Er is geen reden voor schorsing van de vervolging.

4.De beoordeling van het bewijs

4.1
Het standpunt van de officier van justitie
De officier van justitie acht wettig en overtuigend bewezen, dat verdachte de ten laste gelegde feiten heeft gepleegd. Voor feit 3 baseert de officier van justitie zich op de aangifte en de bekennende verklaring van verdachte. Voor feit 2 baseert de officier van justitie zich op de aangifte, de verklaring van de getuigen [Naam 2] en [Naam 3] en de foto’s die bij de GGD zijn genomen. Zij acht wettig en overtuigend bewezen dat er sprake was van mishandeling op 18 februari 2018, maar niet dat het plaatsvond in de gehele ten laste gelegde periode. Voor het meerdere vraagt zij dan ook vrijspraak. Voor feit 1 is de officier van justitie van mening dat de aangifte, het geconstateerde letsel, de getuigenverklaringen van [Naam 2] en [Naam 3] en de kapotte onderbroek van aangeefster voldoende bewijs leveren voor een bewezenverklaring van het primair tenlastegelegde.
4.2
Het standpunt van de verdediging
De verdediging is van mening dat de rechtbank niet tot een bewezenverklaring kan komen voor feit 1. Zowel voor het primair als het subsidiair tenlastegelegde is niet voldaan aan het bewijsminimum, nu een gescheurde onderbroek niets zegt over een poging tot verkrachting of aanranding. De verdediging stelt dat er niet zonder meer kan worden uitgegaan van de juistheid van de aangifte. Zo verklaart aangeefster wisselend over het wel of niet voorhanden hebben van een of twee telefoons tijdens de ruzie op 18 februari 2018 en blijkt uit navraag bij de buren dat zij regelmatig horen dat er ruzie is, maar juist die nacht niets hebben gehoord. Ook het feit dat aangeefster verklaart op 12 februari 2018 te zijn mishandeld, maar dan een week later gezellig naar het bos gaat met verdachte, komt de verdediging vreemd voor. Gelet hierop kan niet worden voldaan aan het bewijsminimum, wat maakt dat verdachte moet worden vrijgesproken van feit 1.

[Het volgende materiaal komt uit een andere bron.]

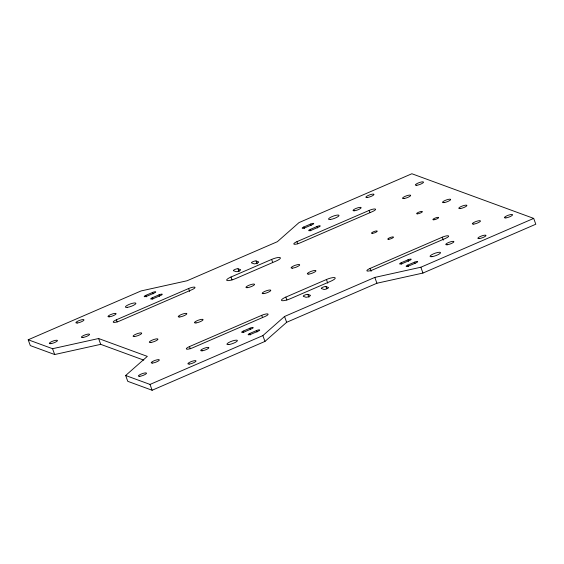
<?xml version="1.0" encoding="UTF-8"?>
<svg xmlns="http://www.w3.org/2000/svg" width="564" height="564" viewBox="0 0 564 564"><rect width="100%" height="100%" fill="white"/><g stroke="black" fill="none" stroke-linecap="round" stroke-linejoin="round"><path stroke-width="0.85" d="M28.2 339.775L141.049 290.946L187.079 280.759L277.361 241.695L299.033 222.583L411.875 173.747L533.692 218.402L535.8 224.225L422.951 273.054L376.921 283.241L286.639 322.305L264.967 341.417L152.125 390.253L127.76 381.32L125.652 375.497L147.324 356.385L98.601 338.527L52.565 348.707L28.2 339.775L30.308 345.598L54.673 354.53L100.709 344.343L143.749 360.121M125.652 375.497L150.017 384.429L262.866 335.601L284.538 316.482L374.813 277.417L420.85 267.23L533.692 218.402M145.78 295.388L152.555 292.455A2.545 0.578 -19.9 0 1 155.622 291.778A2.545 0.578 -19.9 0 1 154.176 293.054L147.408 295.98A2.545 0.578 -19.9 0 1 144.335 296.664A2.545 0.578 -19.9 0 1 145.78 295.388L146.309 296.84M303.763 227.024L310.538 224.091A2.545 0.578 -19.9 0 1 313.605 223.414A2.545 0.578 -19.9 0 1 312.16 224.691L305.392 227.616A2.545 0.578 -19.9 0 1 302.318 228.3A2.545 0.578 -19.9 0 1 303.763 227.024L304.292 228.476M152.28 297.771L159.048 294.838A2.545 0.578 -19.9 0 1 162.122 294.161A2.545 0.578 -19.9 0 1 160.677 295.437L153.901 298.363A2.545 0.578 -19.9 0 1 150.835 299.04A2.545 0.578 -19.9 0 1 152.28 297.771L152.809 299.223M310.263 229.407L317.031 226.474A2.545 0.578 -19.9 0 1 320.105 225.797A2.545 0.578 -19.9 0 1 318.66 227.066L311.885 229.999A2.545 0.578 -19.9 0 1 308.818 230.676A2.545 0.578 -19.9 0 1 310.263 229.407L310.792 230.859M116.388 319.788L188.609 288.535A5.083 1.149 -19.9 0 1 194.749 287.182A5.083 1.149 -19.9 0 1 191.859 289.727L119.638 320.979A5.083 1.149 -19.9 0 1 113.498 322.34A5.083 1.149 -19.9 0 1 116.388 319.788L117.178 321.974M296.946 241.66L369.166 210.407A5.083 1.149 -19.9 0 1 375.3 209.047A5.083 1.149 -19.9 0 1 372.416 211.599L300.189 242.851A5.083 1.149 -19.9 0 1 294.055 244.205A5.083 1.149 -19.9 0 1 296.946 241.66L297.736 243.845M230.993 277.016L271.615 259.433A6.994 1.586 -19.9 0 1 280.054 257.565A6.994 1.586 -19.9 0 1 276.085 261.069L235.456 278.651A6.994 1.586 -19.9 0 1 227.017 280.519A6.994 1.586 -19.9 0 1 230.993 277.016L232.044 279.927M285.807 297.108L326.436 279.525A6.994 1.586 -19.9 0 1 334.875 277.664A6.994 1.586 -19.9 0 1 330.899 281.168L290.277 298.744A6.994 1.586 -19.9 0 1 281.838 300.612A6.994 1.586 -19.9 0 1 285.807 297.108L286.864 300.02M189.483 346.578L261.703 315.332A5.083 1.149 -19.9 0 1 267.837 313.972A5.083 1.149 -19.9 0 1 264.953 316.517L192.726 347.769A5.083 1.149 -19.9 0 1 186.592 349.13A5.083 1.149 -19.9 0 1 189.483 346.578L190.272 348.763M370.033 268.45L442.254 237.197A5.083 1.149 -19.9 0 1 448.394 235.844A5.083 1.149 -19.9 0 1 445.504 238.389L373.283 269.641A5.083 1.149 -19.9 0 1 367.143 271.002A5.083 1.149 -19.9 0 1 370.033 268.45L371.084 271.362M243.232 331.11L250.007 328.178A2.545 0.578 -19.9 0 1 253.074 327.501A2.545 0.578 -19.9 0 1 251.629 328.777L244.861 331.702A2.545 0.578 -19.9 0 1 241.794 332.386A2.545 0.578 -19.9 0 1 243.232 331.11L243.761 332.563M401.223 262.746L407.991 259.814A2.545 0.578 -19.9 0 1 411.057 259.137A2.545 0.578 -19.9 0 1 409.612 260.413L402.844 263.339A2.545 0.578 -19.9 0 1 399.777 264.022A2.545 0.578 -19.9 0 1 401.223 262.746L401.744 264.199M249.732 333.493L256.5 330.56A2.545 0.578 -19.9 0 1 259.574 329.884A2.545 0.578 -19.9 0 1 258.129 331.16L251.354 334.085A2.545 0.578 -19.9 0 1 248.287 334.762A2.545 0.578 -19.9 0 1 249.732 333.493L250.261 334.945M407.716 265.129L414.484 262.197A2.545 0.578 -19.9 0 1 417.557 261.52A2.545 0.578 -19.9 0 1 416.112 262.789L409.337 265.722A2.545 0.578 -19.9 0 1 406.27 266.398A2.545 0.578 -19.9 0 1 407.716 265.129L408.244 266.582M256.091 260.963L258.531 261.851A2.545 0.578 -19.9 0 1 257.085 263.127A2.545 0.578 -19.9 0 1 254.011 263.804L251.579 262.916A2.545 0.578 -19.9 0 1 253.024 261.64A2.545 0.578 -19.9 0 1 256.091 260.963L257.149 263.867M325.936 286.561L328.368 287.457A2.545 0.578 -19.9 0 1 326.923 288.726A2.545 0.578 -19.9 0 1 323.856 289.41L321.417 288.514A2.545 0.578 -19.9 0 1 322.862 287.238A2.545 0.578 -19.9 0 1 325.936 286.561L326.725 288.74M238.036 268.774L240.476 269.662A2.545 0.578 -19.9 0 1 239.03 270.939A2.545 0.578 -19.9 0 1 235.956 271.622L233.524 270.727A2.545 0.578 -19.9 0 1 234.969 269.451A2.545 0.578 -19.9 0 1 238.036 268.774L239.094 271.686M307.881 294.373L310.313 295.268A2.545 0.578 -19.9 0 1 308.868 296.544A2.545 0.578 -19.9 0 1 305.801 297.221L303.361 296.326A2.545 0.578 -19.9 0 1 304.807 295.05A2.545 0.578 -19.9 0 1 307.881 294.373L308.931 297.284M442.254 237.197L443.311 240.109M420.85 267.23L422.951 273.054M414.484 262.197L415.012 263.649M407.991 259.814L408.519 261.273M369.166 210.407L369.956 212.593M374.813 277.417L376.921 283.241M317.031 226.474L317.56 227.927M310.538 224.091L311.06 225.551M326.436 279.525L327.754 283.163M271.615 259.433L272.673 262.345M284.538 316.482L286.639 322.305M261.703 315.332L262.493 317.511M262.866 335.601L264.967 341.417M256.5 330.56L257.029 332.013M250.007 328.178L250.536 329.637M188.609 288.535L189.666 291.447M159.048 294.838L159.577 296.297M152.555 292.455L153.077 293.914M150.017 384.429L152.125 390.253M98.601 338.527L100.709 344.343M52.565 348.707L54.673 354.53M139.816 376.301A4.322 0.98 -19.9 0 0 146.464 373.424A4.322 0.98 -19.9 0 0 141.07 374.108A4.322 0.98 -19.9 0 0 139.816 376.301M152.647 363.047A4.322 0.98 -19.9 0 0 159.295 360.177A4.322 0.98 -19.9 0 0 153.901 360.854A4.322 0.98 -19.9 0 0 152.647 363.047M202.166 350.801A4.322 0.98 -19.9 0 0 208.814 347.925A4.322 0.98 -19.9 0 0 203.421 348.601A4.322 0.98 -19.9 0 0 202.166 350.801M189.335 364.055A4.322 0.98 -19.9 0 0 195.983 361.179A4.322 0.98 -19.9 0 0 190.59 361.855A4.322 0.98 -19.9 0 0 189.335 364.055M505.866 217.901A4.322 0.98 -19.9 0 0 512.514 215.025A4.322 0.98 -19.9 0 0 507.121 215.702A4.322 0.98 -19.9 0 0 505.866 217.901M473.767 224.091A4.322 0.98 -19.9 0 0 480.415 221.215A4.322 0.98 -19.9 0 0 475.022 221.892A4.322 0.98 -19.9 0 0 473.767 224.091M447.217 244.762A4.322 0.98 -19.9 0 0 453.858 241.886A4.322 0.98 -19.9 0 0 448.465 242.562A4.322 0.98 -19.9 0 0 447.217 244.762M479.315 238.572A4.322 0.98 -19.9 0 0 485.956 235.696A4.322 0.98 -19.9 0 0 480.563 236.372A4.322 0.98 -19.9 0 0 479.315 238.572M50.76 343.659A4.322 0.98 -19.9 0 0 57.408 340.783A4.322 0.98 -19.9 0 0 52.015 341.46A4.322 0.98 -19.9 0 0 50.76 343.659M82.859 337.469A4.322 0.98 -19.9 0 0 89.507 334.593A4.322 0.98 -19.9 0 0 84.114 335.27A4.322 0.98 -19.9 0 0 82.859 337.469M109.409 316.799A4.322 0.98 -19.9 0 0 116.057 313.922A4.322 0.98 -19.9 0 0 110.664 314.606A4.322 0.98 -19.9 0 0 109.409 316.799M77.317 322.989A4.322 0.98 -19.9 0 0 83.958 320.112A4.322 0.98 -19.9 0 0 78.565 320.796A4.322 0.98 -19.9 0 0 77.317 322.989M416.81 185.26A4.322 0.98 -19.9 0 0 423.458 182.383A4.322 0.98 -19.9 0 0 418.065 183.06A4.322 0.98 -19.9 0 0 416.81 185.26M403.979 198.514A4.322 0.98 -19.9 0 0 410.627 195.637A4.322 0.98 -19.9 0 0 405.234 196.314A4.322 0.98 -19.9 0 0 403.979 198.514M354.46 210.76A4.322 0.98 -19.9 0 0 361.108 207.883A4.322 0.98 -19.9 0 0 355.715 208.567A4.322 0.98 -19.9 0 0 354.46 210.76M367.291 197.506A4.322 0.98 -19.9 0 0 373.939 194.629A4.322 0.98 -19.9 0 0 368.546 195.313A4.322 0.98 -19.9 0 0 367.291 197.506M263.712 293.625A4.575 1.036 -19.9 0 0 270.748 290.58A4.575 1.036 -19.9 0 0 265.038 291.299A4.575 1.036 -19.9 0 0 263.712 293.625M247.469 287.668A4.575 1.036 -19.9 0 0 254.505 284.623A4.575 1.036 -19.9 0 0 248.794 285.342A4.575 1.036 -19.9 0 0 247.469 287.668M292.61 268.14A4.575 1.036 -19.9 0 0 299.646 265.094A4.575 1.036 -19.9 0 0 293.936 265.813A4.575 1.036 -19.9 0 0 292.61 268.14M308.846 274.09A4.575 1.036 -19.9 0 0 315.889 271.044A4.575 1.036 -19.9 0 0 310.172 271.763A4.575 1.036 -19.9 0 0 308.846 274.09M134.62 336.504A4.575 1.036 -19.9 0 0 141.663 333.458A4.575 1.036 -19.9 0 0 135.945 334.177A4.575 1.036 -19.9 0 0 134.62 336.504M179.761 316.968A4.575 1.036 -19.9 0 0 186.797 313.922A4.575 1.036 -19.9 0 0 181.086 314.642A4.575 1.036 -19.9 0 0 179.761 316.968M150.863 342.454A4.575 1.036 -19.9 0 0 157.899 339.408A4.575 1.036 -19.9 0 0 152.188 340.127A4.575 1.036 -19.9 0 0 150.863 342.454M196.004 322.925A4.575 1.036 -19.9 0 0 203.04 319.88A4.575 1.036 -19.9 0 0 197.329 320.599A4.575 1.036 -19.9 0 0 196.004 322.925M460.675 208.483A4.322 0.98 -19.9 0 0 466.921 205.515A4.322 0.98 -19.9 0 0 460.95 206.593A4.322 0.98 -19.9 0 0 460.675 208.483M443.974 202.603A4.322 0.98 -19.9 0 0 450.622 199.726A4.322 0.98 -19.9 0 0 445.229 200.403A4.322 0.98 -19.9 0 0 443.974 202.603M388.772 239.312A3.053 0.691 -19.9 0 0 393.46 237.282A3.053 0.691 -19.9 0 0 389.654 237.761A3.053 0.691 -19.9 0 0 388.772 239.312M433.906 219.777A3.053 0.691 -19.9 0 0 438.602 217.746A3.053 0.691 -19.9 0 0 434.795 218.226A3.053 0.691 -19.9 0 0 433.906 219.777M417.67 213.827A3.053 0.691 -19.9 0 0 422.358 211.796A3.053 0.691 -19.9 0 0 418.551 212.275A3.053 0.691 -19.9 0 0 417.67 213.827M372.529 233.355A3.053 0.691 -19.9 0 0 377.217 231.325A3.053 0.691 -19.9 0 0 373.41 231.804A3.053 0.691 -19.9 0 0 372.529 233.355M431.89 256.676A5.591 1.269 -19.9 0 0 440.491 252.954A5.591 1.269 -19.9 0 0 433.512 253.835A5.591 1.269 -19.9 0 0 431.89 256.676M228.765 344.576A5.591 1.269 -19.9 0 0 237.366 340.853A5.591 1.269 -19.9 0 0 230.387 341.735A5.591 1.269 -19.9 0 0 228.765 344.576M330.377 219.466A5.591 1.269 -19.9 0 0 338.971 215.744A5.591 1.269 -19.9 0 0 331.992 216.625A5.591 1.269 -19.9 0 0 330.377 219.466M127.252 307.366A5.591 1.269 -19.9 0 0 135.853 303.643A5.591 1.269 -19.9 0 0 128.874 304.525A5.591 1.269 -19.9 0 0 127.252 307.366"/></g></svg>

Ook voor feit 2 dient vrijspraak te volgen met eenzelfde onderbouwing als voor feit 1. Daar komt bij dat niet kan worden vastgesteld wanneer het letsel is ontstaan dat te zien is op de zich in het dossier bevindende foto’s. Als er al een veroordeling zou volgen voor dit feit, dan zou er hoogstens één incident bewezen kunnen worden verklaard. Gelet op de bekennende verklaring van verdachte wordt ten aanzien van feit 3 geen bewijsverweer gevoerd.
4.3
Het oordeel van de rechtbank
4.3.1
De bewijsmiddelen
De bewijsmiddelen zijn in bijlage II aan dit vonnis gehecht.
4.3.2
De bijzondere overwegingen met betrekking tot het bewijs
Feiten 1 en 2
Betrouwbaarheid van de verklaring van aangeefster
De rechtbank constateert dat de discussie over de betrouwbaarheid van de verklaringen van aangeefster, zowel voorafgaand aan de zitting bij de rechter-commissaris, als ook ter zitting, zich heeft toegespitst op de onduidelijkheden over het wel of niet kunnen beschikken over een telefoon door aangeefster op bepaalde momenten in de nacht van 18 februari 2018. De rechtbank overweegt hieromtrent dat het een hectische nacht moet zijn geweest. Volgens de verklaring van aangeefster zijn er meerdere momenten geweest waarop de gemoederen weer bedaard leken, waarna de ruzie en het geweld weer oplaaiden. Dat aangeefster in haar aangifte niet exact weet te reproduceren waar haar telefoon(s) zich op bepaalde momenten bevonden, acht de rechtbank niet meer dan voorstelbaar. Dat maakt haar aangifte op de cruciale punten voor de feiten 1 en 2 niet onbetrouwbaar. Daarbij komt dat de verklaring van aangeefster niet alleen wordt ondersteund door de verklaring van getuige [Naam 3] , die verklaart over de gemoedstoestand van aangeefster de volgende ochtend en globaal te horen kreeg wat er die nacht was voorgevallen, maar ook door de op zitting getoonde foto’s van het letsel die door verbalisanten bij de GGD zijn genomen. Op die foto’s, gedateerd 18 februari 2018, constateert de rechtbank zichtbare verwondingen die gelet op de kleuren als ‘recent’ kunnen worden betiteld, welke recente verwondingen passen in het verhaal van aangeefster. Tot slot past ook de in beslag genomen kapotte onderbroek in de verklaring van aangeefster. De rechtbank heeft dan ook geen reden om aan te nemen dat aangeefster op de wezenlijke onderdelen niet de waarheid heeft gesproken In dat verband merkt de rechtbank tot slot op dat aangeefster feitelijk een genuanceerd verhaal van het verloop van de nacht heeft verteld. Er is geen sprake geweest van een aanval uit het niets door verdachte, maar van een gezamenlijk filmpjes van de familie kijken op haar slaapkamer waarbij verdachte langzaamaan ontspoort.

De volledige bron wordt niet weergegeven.